А Борька Ваткин уселся напротив городского сада, под облупившейся вывеской старой китайской прачечной, имея только одну щетку и банку гуталина. Да и то черного! В то время как у большинства прохожих ботинки коричневые, или белые парусиновые, или цветные сандалии — тепло на улице!
Борьке пришлось устроиться на ступеньках прачечной, потому что у ворот сада все места были заняты: там уже сидели в ряд несколько мальчишек. Им было тоже лет по тринадцать. И, хотя чистильщики были такие же грязные и обтрепанные, как и он сам, их осанка и поведение говорили о солидности, большом опыте и полной независимости. А Борька робел: он в первый раз вышел на улицу чистить ботинки.
Вчера мачеха сказала ему: «Вырос. Нечего лодыря гонять. Зарабатывай сам!» Борька не против того, чтобы зарабатывать, хотя в этом особенной нужды нет: новый муж мачехи Сергей Михайлович работает церковным старостой: торгует свечами и просфорами, ведает кассой.

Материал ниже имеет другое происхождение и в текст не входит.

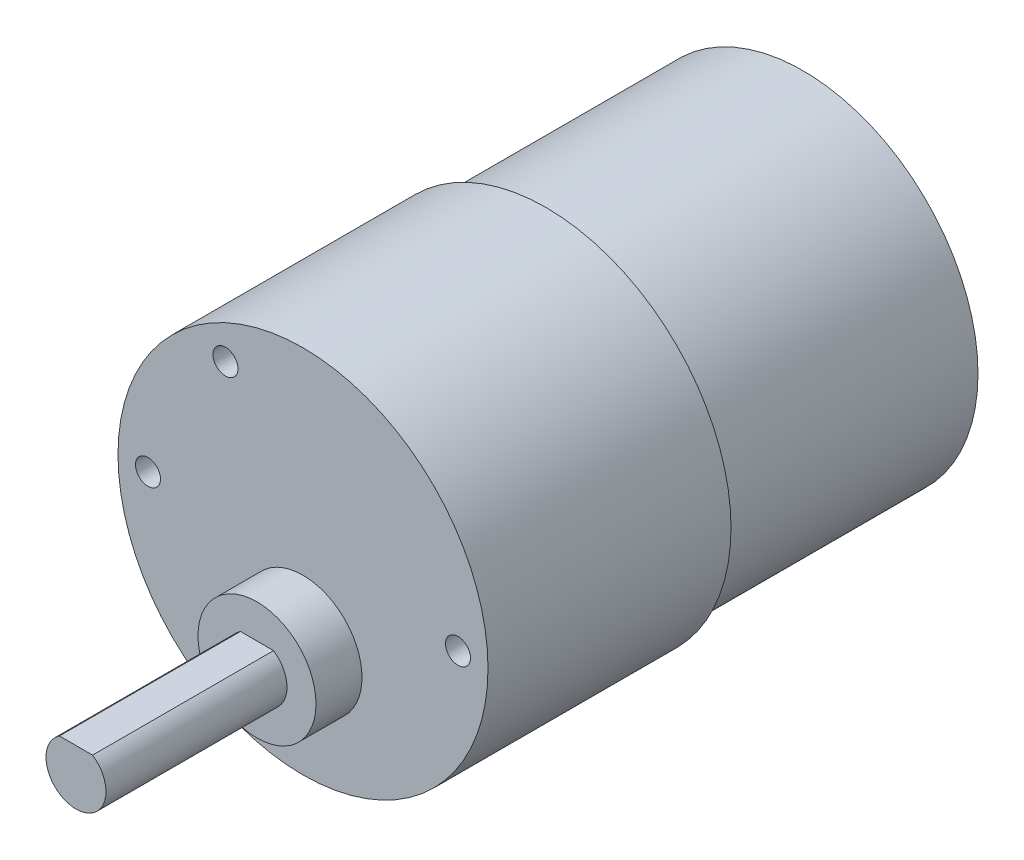
ISO-10303-21;
HEADER;
FILE_DESCRIPTION(('STEP AP214'),'2;1');
FILE_NAME('part.step','',(''),(''),'','','');
FILE_SCHEMA(('AUTOMOTIVE_DESIGN { 1 0 10303 214 1 1 1 1 }'));
ENDSEC;
DATA;
#1=APPLICATION_CONTEXT('core data for automotive mechanical design processes');
#2=APPLICATION_PROTOCOL_DEFINITION('international standard','automotive_design',2000,#1);
#3=PRODUCT_CONTEXT('',#1,'mechanical');
#4=PRODUCT('Part','Part','',(#3));
#5=PRODUCT_RELATED_PRODUCT_CATEGORY('part','',(#4));
#6=PRODUCT_DEFINITION_FORMATION('','',#4);
#7=PRODUCT_DEFINITION_CONTEXT('part definition',#1,'design');
#8=PRODUCT_DEFINITION('design','',#6,#7);
#9=PRODUCT_DEFINITION_SHAPE('','',#8);
#10=(LENGTH_UNIT() NAMED_UNIT(*) SI_UNIT(.MILLI.,.METRE.));
#11=(NAMED_UNIT(*) PLANE_ANGLE_UNIT() SI_UNIT($,.RADIAN.));
#12=(NAMED_UNIT(*) SI_UNIT($,.STERADIAN.) SOLID_ANGLE_UNIT());
#13=UNCERTAINTY_MEASURE_WITH_UNIT(LENGTH_MEASURE(1.E-05),#10,'distance_accuracy_value','');
#14=(GEOMETRIC_REPRESENTATION_CONTEXT(3) GLOBAL_UNCERTAINTY_ASSIGNED_CONTEXT((#13)) GLOBAL_UNIT_ASSIGNED_CONTEXT((#10,
#11,#12)) REPRESENTATION_CONTEXT('',''));
#15=CARTESIAN_POINT('',(0.,0.,0.));
#16=DIRECTION('',(0.,0.,1.));
#17=DIRECTION('',(1.,0.,0.));
#18=AXIS2_PLACEMENT_3D('',#15,#16,#17);
#19=CARTESIAN_POINT('',(0.,0.,0.));
#20=DIRECTION('',(0.,0.,-1.));
#21=DIRECTION('',(-1.,0.,0.));
#22=AXIS2_PLACEMENT_3D('',#19,#20,#21);
#23=PLANE('',#22);
#24=CARTESIAN_POINT('',(-15.5,0.,0.));
#25=DIRECTION('',(0.,0.,1.));
#26=DIRECTION('',(1.,0.,0.));
#27=AXIS2_PLACEMENT_3D('',#24,#25,#26);
#28=CIRCLE('',#27,1.25);
#29=CARTESIAN_POINT('',(-14.25,0.,0.));
#30=VERTEX_POINT('',#29);
#31=EDGE_CURVE('E91',#30,#30,#28,.T.);
#32=ORIENTED_EDGE('',*,*,#31,.F.);
#33=EDGE_LOOP('',(#32));
#34=FACE_BOUND('',#33,.T.);
#35=CARTESIAN_POINT('',(-7.75,13.4233937586588,0.));
#36=DIRECTION('',(0.,0.,1.));
#37=DIRECTION('',(1.,0.,0.));
#38=AXIS2_PLACEMENT_3D('',#35,#36,#37);
#39=CIRCLE('',#38,1.25);
#40=CARTESIAN_POINT('',(-6.5,13.4233937586588,0.));
#41=VERTEX_POINT('',#40);
#42=EDGE_CURVE('E90',#41,#41,#39,.T.);
#43=ORIENTED_EDGE('',*,*,#42,.F.);
#44=EDGE_LOOP('',(#43));
#45=FACE_BOUND('',#44,.T.);
#46=CARTESIAN_POINT('',(-7.75,-13.4233937586588,0.));
#47=DIRECTION('',(0.,0.,1.));
#48=DIRECTION('',(1.,0.,0.));
#49=AXIS2_PLACEMENT_3D('',#46,#47,#48);
#50=CIRCLE('',#49,1.25);
#51=CARTESIAN_POINT('',(-6.5,-13.4233937586588,0.));
#52=VERTEX_POINT('',#51);
#53=EDGE_CURVE('E101',#52,#52,#50,.T.);
#54=ORIENTED_EDGE('',*,*,#53,.F.);
#55=EDGE_LOOP('',(#54));
#56=FACE_BOUND('',#55,.T.);
#57=CARTESIAN_POINT('',(15.5,0.,0.));
#58=DIRECTION('',(0.,0.,1.));
#59=DIRECTION('',(1.,0.,0.));
#60=AXIS2_PLACEMENT_3D('',#57,#58,#59);
#61=CIRCLE('',#60,1.25);
#62=CARTESIAN_POINT('',(16.75,0.,0.));
#63=VERTEX_POINT('',#62);
#64=EDGE_CURVE('E107',#63,#63,#61,.T.);
#65=ORIENTED_EDGE('',*,*,#64,.F.);
#66=EDGE_LOOP('',(#65));
#67=FACE_BOUND('',#66,.T.);
#68=CARTESIAN_POINT('',(0.,-7.1,0.));
#69=DIRECTION('',(0.,0.,-1.));
#70=DIRECTION('',(-1.,0.,0.));
#71=AXIS2_PLACEMENT_3D('',#68,#69,#70);
#72=CIRCLE('',#71,5.9);
#73=CARTESIAN_POINT('',(-5.9,-7.1,0.));
#74=VERTEX_POINT('',#73);
#75=EDGE_CURVE('E12',#74,#74,#72,.F.);
#76=ORIENTED_EDGE('',*,*,#75,.F.);
#77=EDGE_LOOP('',(#76));
#78=FACE_BOUND('',#77,.T.);
#79=CARTESIAN_POINT('',(0.,0.,0.));
#80=DIRECTION('',(0.,0.,1.));
#81=DIRECTION('',(1.,0.,0.));
#82=AXIS2_PLACEMENT_3D('',#79,#80,#81);
#83=CIRCLE('',#82,18.5);
#84=CARTESIAN_POINT('',(18.5,0.,0.));
#85=VERTEX_POINT('',#84);
#86=EDGE_CURVE('E136',#85,#85,#83,.T.);
#87=ORIENTED_EDGE('',*,*,#86,.T.);
#88=EDGE_LOOP('',(#87));
#89=FACE_BOUND('',#88,.T.);
#90=ADVANCED_FACE('F41',(#34,#45,#56,#67,#78,#89),#23,.F.);
#91=CARTESIAN_POINT('',(0.,0.,0.));
#92=DIRECTION('',(0.,0.,1.));
#93=DIRECTION('',(1.,0.,0.));
#94=AXIS2_PLACEMENT_3D('',#91,#92,#93);
#95=CYLINDRICAL_SURFACE('',#94,18.5);
#96=ORIENTED_EDGE('',*,*,#86,.F.);
#97=EDGE_LOOP('',(#96));
#98=FACE_BOUND('',#97,.T.);
#99=CARTESIAN_POINT('',(0.,0.,-24.3));
#100=DIRECTION('',(0.,0.,1.));
#101=DIRECTION('',(1.,0.,0.));
#102=AXIS2_PLACEMENT_3D('',#99,#100,#101);
#103=CIRCLE('',#102,18.5);
#104=CARTESIAN_POINT('',(18.5,0.,-24.3));
#105=VERTEX_POINT('',#104);
#106=EDGE_CURVE('E133',#105,#105,#103,.T.);
#107=ORIENTED_EDGE('',*,*,#106,.T.);
#108=EDGE_LOOP('',(#107));
#109=FACE_BOUND('',#108,.T.);
#110=ADVANCED_FACE('F157',(#98,#109),#95,.T.);
#111=CARTESIAN_POINT('',(0.,18.5,-24.3));
#112=DIRECTION('',(0.,0.,1.));
#113=DIRECTION('',(1.,0.,0.));
#114=AXIS2_PLACEMENT_3D('',#111,#112,#113);
#115=PLANE('',#114);
#116=ORIENTED_EDGE('',*,*,#106,.F.);
#117=EDGE_LOOP('',(#116));
#118=FACE_BOUND('',#117,.T.);
#119=CARTESIAN_POINT('',(0.,0.,-24.3));
#120=DIRECTION('',(0.,0.,1.));
#121=DIRECTION('',(1.,0.,0.));
#122=AXIS2_PLACEMENT_3D('',#119,#120,#121);
#123=CIRCLE('',#122,17.5);
#124=CARTESIAN_POINT('',(17.5,0.,-24.3));
#125=VERTEX_POINT('',#124);
#126=EDGE_CURVE('E130',#125,#125,#123,.T.);
#127=ORIENTED_EDGE('',*,*,#126,.T.);
#128=EDGE_LOOP('',(#127));
#129=FACE_BOUND('',#128,.T.);
#130=ADVANCED_FACE('F162',(#118,#129),#115,.F.);
#131=CARTESIAN_POINT('',(0.,0.,0.));
#132=DIRECTION('',(0.,0.,1.));
#133=DIRECTION('',(1.,0.,0.));
#134=AXIS2_PLACEMENT_3D('',#131,#132,#133);
#135=CYLINDRICAL_SURFACE('',#134,17.5);
#136=ORIENTED_EDGE('',*,*,#126,.F.);
#137=EDGE_LOOP('',(#136));
#138=FACE_BOUND('',#137,.T.);
#139=CARTESIAN_POINT('',(0.,0.,-50.));
#140=DIRECTION('',(0.,0.,1.));
#141=DIRECTION('',(1.,0.,0.));
#142=AXIS2_PLACEMENT_3D('',#139,#140,#141);
#143=CIRCLE('',#142,17.5);
#144=CARTESIAN_POINT('',(17.5,0.,-50.));
#145=VERTEX_POINT('',#144);
#146=EDGE_CURVE('E120',#145,#145,#143,.T.);
#147=ORIENTED_EDGE('',*,*,#146,.T.);
#148=EDGE_LOOP('',(#147));
#149=FACE_BOUND('',#148,.T.);
#150=ADVANCED_FACE('F180',(#138,#149),#135,.T.);
#151=CARTESIAN_POINT('',(0.,17.5,-50.));
#152=DIRECTION('',(0.,0.,1.));
#153=DIRECTION('',(1.,0.,0.));
#154=AXIS2_PLACEMENT_3D('',#151,#152,#153);
#155=PLANE('',#154);
#156=ORIENTED_EDGE('',*,*,#146,.F.);
#157=EDGE_LOOP('',(#156));
#158=FACE_BOUND('',#157,.T.);
#159=ADVANCED_FACE('F186',(#158),#155,.F.);
#160=CARTESIAN_POINT('',(0.,17.5,4.6));
#161=DIRECTION('',(0.,0.,1.));
#162=DIRECTION('',(1.,0.,0.));
#163=AXIS2_PLACEMENT_3D('',#160,#161,#162);
#164=PLANE('',#163);
#165=CARTESIAN_POINT('',(0.,-7.1,4.59999999999999));
#166=DIRECTION('',(0.,0.,1.));
#167=DIRECTION('',(1.,0.,0.));
#168=AXIS2_PLACEMENT_3D('',#165,#166,#167);
#169=CIRCLE('',#168,5.9);
#170=CARTESIAN_POINT('',(5.9,-7.1,4.59999999999999));
#171=VERTEX_POINT('',#170);
#172=EDGE_CURVE('E113',#171,#171,#169,.T.);
#173=ORIENTED_EDGE('',*,*,#172,.T.);
#174=EDGE_LOOP('',(#173));
#175=FACE_BOUND('',#174,.T.);
#176=CARTESIAN_POINT('',(0.,-7.1,4.59999999999999));
#177=DIRECTION('',(0.,0.,1.));
#178=DIRECTION('',(1.,0.,0.));
#179=AXIS2_PLACEMENT_3D('',#176,#177,#178);
#180=CIRCLE('',#179,3.);
#181=CARTESIAN_POINT('',(-1.6583123951777,-4.6,4.59999999999999));
#182=VERTEX_POINT('',#181);
#183=CARTESIAN_POINT('',(1.6583123951777,-4.6,4.59999999999999));
#184=VERTEX_POINT('',#183);
#185=EDGE_CURVE('E54',#182,#184,#180,.T.);
#186=ORIENTED_EDGE('',*,*,#185,.F.);
#187=DIRECTION('',(-1.,0.,0.));
#188=VECTOR('',#187,1.);
#189=CARTESIAN_POINT('',(-1.6583123951777,-4.6,4.59999999999999));
#190=LINE('',#189,#188);
#191=EDGE_CURVE('E48',#184,#182,#190,.T.);
#192=ORIENTED_EDGE('',*,*,#191,.F.);
#193=EDGE_LOOP('',(#186,#192));
#194=FACE_BOUND('',#193,.T.);
#195=ADVANCED_FACE('F151',(#175,#194),#164,.T.);
#196=CARTESIAN_POINT('',(0.,-7.1,39.3877200360025));
#197=DIRECTION('',(0.,0.,-1.));
#198=DIRECTION('',(-1.,0.,0.));
#199=AXIS2_PLACEMENT_3D('',#196,#197,#198);
#200=CYLINDRICAL_SURFACE('',#199,5.9);
#201=ORIENTED_EDGE('',*,*,#75,.T.);
#202=EDGE_LOOP('',(#201));
#203=FACE_BOUND('',#202,.T.);
#204=ORIENTED_EDGE('',*,*,#172,.F.);
#205=EDGE_LOOP('',(#204));
#206=FACE_BOUND('',#205,.T.);
#207=ADVANCED_FACE('F144',(#203,#206),#200,.T.);
#208=CARTESIAN_POINT('',(0.,17.5,22.7));
#209=DIRECTION('',(0.,0.,1.));
#210=DIRECTION('',(1.,0.,0.));
#211=AXIS2_PLACEMENT_3D('',#208,#209,#210);
#212=PLANE('',#211);
#213=DIRECTION('',(-1.,0.,0.));
#214=VECTOR('',#213,1.);
#215=CARTESIAN_POINT('',(-1.6583123951777,-4.6,22.7));
#216=LINE('',#215,#214);
#217=CARTESIAN_POINT('',(1.6583123951777,-4.6,22.7));
#218=VERTEX_POINT('',#217);
#219=CARTESIAN_POINT('',(-1.6583123951777,-4.6,22.7));
#220=VERTEX_POINT('',#219);
#221=EDGE_CURVE('E121',#218,#220,#216,.T.);
#222=ORIENTED_EDGE('',*,*,#221,.T.);
#223=CARTESIAN_POINT('',(0.,-7.1,22.7));
#224=DIRECTION('',(0.,0.,1.));
#225=DIRECTION('',(1.,0.,0.));
#226=AXIS2_PLACEMENT_3D('',#223,#224,#225);
#227=CIRCLE('',#226,3.);
#228=EDGE_CURVE('E117',#220,#218,#227,.T.);
#229=ORIENTED_EDGE('',*,*,#228,.T.);
#230=EDGE_LOOP('',(#222,#229));
#231=FACE_BOUND('',#230,.T.);
#232=ADVANCED_FACE('F142',(#231),#212,.T.);
#233=CARTESIAN_POINT('',(-1.6583123951777,-4.6,103.53941029805));
#234=DIRECTION('',(0.,-1.,0.));
#235=DIRECTION('',(0.,0.,-1.));
#236=AXIS2_PLACEMENT_3D('',#233,#234,#235);
#237=PLANE('',#236);
#238=DIRECTION('',(0.,0.,-1.));
#239=VECTOR('',#238,1.);
#240=CARTESIAN_POINT('',(1.6583123951777,-4.6,103.53941029805));
#241=LINE('',#240,#239);
#242=EDGE_CURVE('E124',#218,#184,#241,.T.);
#243=ORIENTED_EDGE('',*,*,#242,.T.);
#244=ORIENTED_EDGE('',*,*,#191,.T.);
#245=DIRECTION('',(0.,0.,-1.));
#246=VECTOR('',#245,1.);
#247=CARTESIAN_POINT('',(-1.6583123951777,-4.6,103.53941029805));
#248=LINE('',#247,#246);
#249=EDGE_CURVE('E61',#220,#182,#248,.T.);
#250=ORIENTED_EDGE('',*,*,#249,.F.);
#251=ORIENTED_EDGE('',*,*,#221,.F.);
#252=EDGE_LOOP('',(#243,#244,#250,#251));
#253=FACE_BOUND('',#252,.T.);
#254=ADVANCED_FACE('F138',(#253),#237,.F.);
#255=CARTESIAN_POINT('',(0.,-7.1,103.53941029805));
#256=DIRECTION('',(0.,0.,-1.));
#257=DIRECTION('',(-1.,0.,0.));
#258=AXIS2_PLACEMENT_3D('',#255,#256,#257);
#259=CYLINDRICAL_SURFACE('',#258,3.);
#260=ORIENTED_EDGE('',*,*,#249,.T.);
#261=ORIENTED_EDGE('',*,*,#185,.T.);
#262=ORIENTED_EDGE('',*,*,#242,.F.);
#263=ORIENTED_EDGE('',*,*,#228,.F.);
#264=EDGE_LOOP('',(#260,#261,#262,#263));
#265=FACE_BOUND('',#264,.T.);
#266=ADVANCED_FACE('F140',(#265),#259,.T.);
#267=CARTESIAN_POINT('',(15.5,0.,-3.));
#268=DIRECTION('',(0.,0.,1.));
#269=DIRECTION('',(1.,0.,0.));
#270=AXIS2_PLACEMENT_3D('',#267,#268,#269);
#271=CONICAL_SURFACE('',#270,1.25,1.02974425867665);
#272=CARTESIAN_POINT('',(15.5,0.,-3.75107577378445));
#273=VERTEX_POINT('',#272);
#274=VERTEX_LOOP('',#273);
#275=FACE_BOUND('',#274,.T.);
#276=CARTESIAN_POINT('',(15.5,0.,-3.));
#277=DIRECTION('',(0.,0.,1.));
#278=DIRECTION('',(1.,0.,0.));
#279=AXIS2_PLACEMENT_3D('',#276,#277,#278);
#280=CIRCLE('',#279,1.25);
#281=CARTESIAN_POINT('',(16.75,0.,-3.));
#282=VERTEX_POINT('',#281);
#283=EDGE_CURVE('E110',#282,#282,#280,.T.);
#284=ORIENTED_EDGE('',*,*,#283,.T.);
#285=EDGE_LOOP('',(#284));
#286=FACE_BOUND('',#285,.T.);
#287=ADVANCED_FACE('F200',(#275,#286),#271,.F.);
#288=CARTESIAN_POINT('',(15.5,0.,0.));
#289=DIRECTION('',(0.,0.,1.));
#290=DIRECTION('',(1.,0.,0.));
#291=AXIS2_PLACEMENT_3D('',#288,#289,#290);
#292=CYLINDRICAL_SURFACE('',#291,1.25);
#293=ORIENTED_EDGE('',*,*,#283,.F.);
#294=EDGE_LOOP('',(#293));
#295=FACE_BOUND('',#294,.T.);
#296=ORIENTED_EDGE('',*,*,#64,.T.);
#297=EDGE_LOOP('',(#296));
#298=FACE_BOUND('',#297,.T.);
#299=ADVANCED_FACE('F204',(#295,#298),#292,.F.);
#300=CARTESIAN_POINT('',(-7.75,-13.4233937586588,-3.));
#301=DIRECTION('',(0.,0.,1.));
#302=DIRECTION('',(1.,0.,0.));
#303=AXIS2_PLACEMENT_3D('',#300,#301,#302);
#304=CONICAL_SURFACE('',#303,1.25,1.02974425867665);
#305=CARTESIAN_POINT('',(-7.75,-13.4233937586588,-3.75107577378445));
#306=VERTEX_POINT('',#305);
#307=VERTEX_LOOP('',#306);
#308=FACE_BOUND('',#307,.T.);
#309=CARTESIAN_POINT('',(-7.75,-13.4233937586588,-3.));
#310=DIRECTION('',(0.,0.,1.));
#311=DIRECTION('',(1.,0.,0.));
#312=AXIS2_PLACEMENT_3D('',#309,#310,#311);
#313=CIRCLE('',#312,1.25);
#314=CARTESIAN_POINT('',(-6.5,-13.4233937586588,-3.));
#315=VERTEX_POINT('',#314);
#316=EDGE_CURVE('E104',#315,#315,#313,.T.);
#317=ORIENTED_EDGE('',*,*,#316,.T.);
#318=EDGE_LOOP('',(#317));
#319=FACE_BOUND('',#318,.T.);
#320=ADVANCED_FACE('F209',(#308,#319),#304,.F.);
#321=CARTESIAN_POINT('',(-7.75,-13.4233937586588,0.));
#322=DIRECTION('',(0.,0.,1.));
#323=DIRECTION('',(1.,0.,0.));
#324=AXIS2_PLACEMENT_3D('',#321,#322,#323);
#325=CYLINDRICAL_SURFACE('',#324,1.25);
#326=ORIENTED_EDGE('',*,*,#316,.F.);
#327=EDGE_LOOP('',(#326));
#328=FACE_BOUND('',#327,.T.);
#329=ORIENTED_EDGE('',*,*,#53,.T.);
#330=EDGE_LOOP('',(#329));
#331=FACE_BOUND('',#330,.T.);
#332=ADVANCED_FACE('F216',(#328,#331),#325,.F.);
#333=CARTESIAN_POINT('',(-7.75,13.4233937586588,-3.));
#334=DIRECTION('',(0.,0.,1.));
#335=DIRECTION('',(1.,0.,0.));
#336=AXIS2_PLACEMENT_3D('',#333,#334,#335);
#337=CONICAL_SURFACE('',#336,1.25,1.02974425867665);
#338=CARTESIAN_POINT('',(-7.75,13.4233937586588,-3.75107577378445));
#339=VERTEX_POINT('',#338);
#340=VERTEX_LOOP('',#339);
#341=FACE_BOUND('',#340,.T.);
#342=CARTESIAN_POINT('',(-7.75,13.4233937586588,-3.));
#343=DIRECTION('',(0.,0.,1.));
#344=DIRECTION('',(1.,0.,0.));
#345=AXIS2_PLACEMENT_3D('',#342,#343,#344);
#346=CIRCLE('',#345,1.25);
#347=CARTESIAN_POINT('',(-6.5,13.4233937586588,-3.));
#348=VERTEX_POINT('',#347);
#349=EDGE_CURVE('E94',#348,#348,#346,.T.);
#350=ORIENTED_EDGE('',*,*,#349,.T.);
#351=EDGE_LOOP('',(#350));
#352=FACE_BOUND('',#351,.T.);
#353=ADVANCED_FACE('F220',(#341,#352),#337,.F.);
#354=CARTESIAN_POINT('',(-7.75,13.4233937586588,0.));
#355=DIRECTION('',(0.,0.,1.));
#356=DIRECTION('',(1.,0.,0.));
#357=AXIS2_PLACEMENT_3D('',#354,#355,#356);
#358=CYLINDRICAL_SURFACE('',#357,1.25);
#359=ORIENTED_EDGE('',*,*,#349,.F.);
#360=EDGE_LOOP('',(#359));
#361=FACE_BOUND('',#360,.T.);
#362=ORIENTED_EDGE('',*,*,#42,.T.);
#363=EDGE_LOOP('',(#362));
#364=FACE_BOUND('',#363,.T.);
#365=ADVANCED_FACE('F84',(#361,#364),#358,.F.);
#366=CARTESIAN_POINT('',(-15.5,0.,-3.));
#367=DIRECTION('',(0.,0.,1.));
#368=DIRECTION('',(1.,0.,0.));
#369=AXIS2_PLACEMENT_3D('',#366,#367,#368);
#370=CONICAL_SURFACE('',#369,1.25,1.02974425867665);
#371=CARTESIAN_POINT('',(-15.5,0.,-3.75107577378445));
#372=VERTEX_POINT('',#371);
#373=VERTEX_LOOP('',#372);
#374=FACE_BOUND('',#373,.T.);
#375=CARTESIAN_POINT('',(-15.5,0.,-3.));
#376=DIRECTION('',(0.,0.,1.));
#377=DIRECTION('',(1.,0.,0.));
#378=AXIS2_PLACEMENT_3D('',#375,#376,#377);
#379=CIRCLE('',#378,1.25);
#380=CARTESIAN_POINT('',(-14.25,0.,-3.));
#381=VERTEX_POINT('',#380);
#382=EDGE_CURVE('E88',#381,#381,#379,.T.);
#383=ORIENTED_EDGE('',*,*,#382,.T.);
#384=EDGE_LOOP('',(#383));
#385=FACE_BOUND('',#384,.T.);
#386=ADVANCED_FACE('F80',(#374,#385),#370,.F.);
#387=CARTESIAN_POINT('',(-15.5,0.,0.));
#388=DIRECTION('',(0.,0.,1.));
#389=DIRECTION('',(1.,0.,0.));
#390=AXIS2_PLACEMENT_3D('',#387,#388,#389);
#391=CYLINDRICAL_SURFACE('',#390,1.25);
#392=ORIENTED_EDGE('',*,*,#382,.F.);
#393=EDGE_LOOP('',(#392));
#394=FACE_BOUND('',#393,.T.);
#395=ORIENTED_EDGE('',*,*,#31,.T.);
#396=EDGE_LOOP('',(#395));
#397=FACE_BOUND('',#396,.T.);
#398=ADVANCED_FACE('F83',(#394,#397),#391,.F.);
#399=CLOSED_SHELL('',(#90,#110,#130,#150,#159,#195,#207,#232,#254,#266,#287,#299,#320,#332,#353,
#365,#386,#398));
#400=MANIFOLD_SOLID_BREP('B2',#399);
#401=ADVANCED_BREP_SHAPE_REPRESENTATION('',(#18,#400),#14);
#402=SHAPE_DEFINITION_REPRESENTATION(#9,#401);
ENDSEC;
END-ISO-10303-21;

У Сергея Михайловича деньги есть. Борька знает. Как-то он вошел в комнату, а Сергей Михайлович стоит на коленках у печки-голландки. Заметил Борьку и говорит: «Пуговицу обронил…» А сам так зло, подозрительно глянул на него. И Борька стал помогать искать пуговицу. Ползали оба на коленках по полу, ползали, искали-искали, да так и не нашли… «Ну, бог с ней, — сказал Сергей Михайлович, — закатилась куда-то».
Это показалось Борьке подозрительным, и однажды, когда никого дома не было, он начал исследовать голландку и свободно вынул два нижних кирпича. Борька сунул в дырку руку и вытащил жестяную коробку «Конфекты ландрин». Раскрыл коробку, а в ней лежат какие-то колбаски, переложенные старой ватой. Колбаски завернуты в бумагу, аккуратно обмотаны витками.
Борька развязал нитку, развернул бумажку, а в ней монеты. С портретом царя. С двуглавым орлом. По пять и по десять рублей чистого золота. Так и написано на монетах: «Чистого золота». Борька скорее упаковал колбаску, сунул коробку на место, заложил кирпичами. И с тех пор боялся вообще смотреть на печку.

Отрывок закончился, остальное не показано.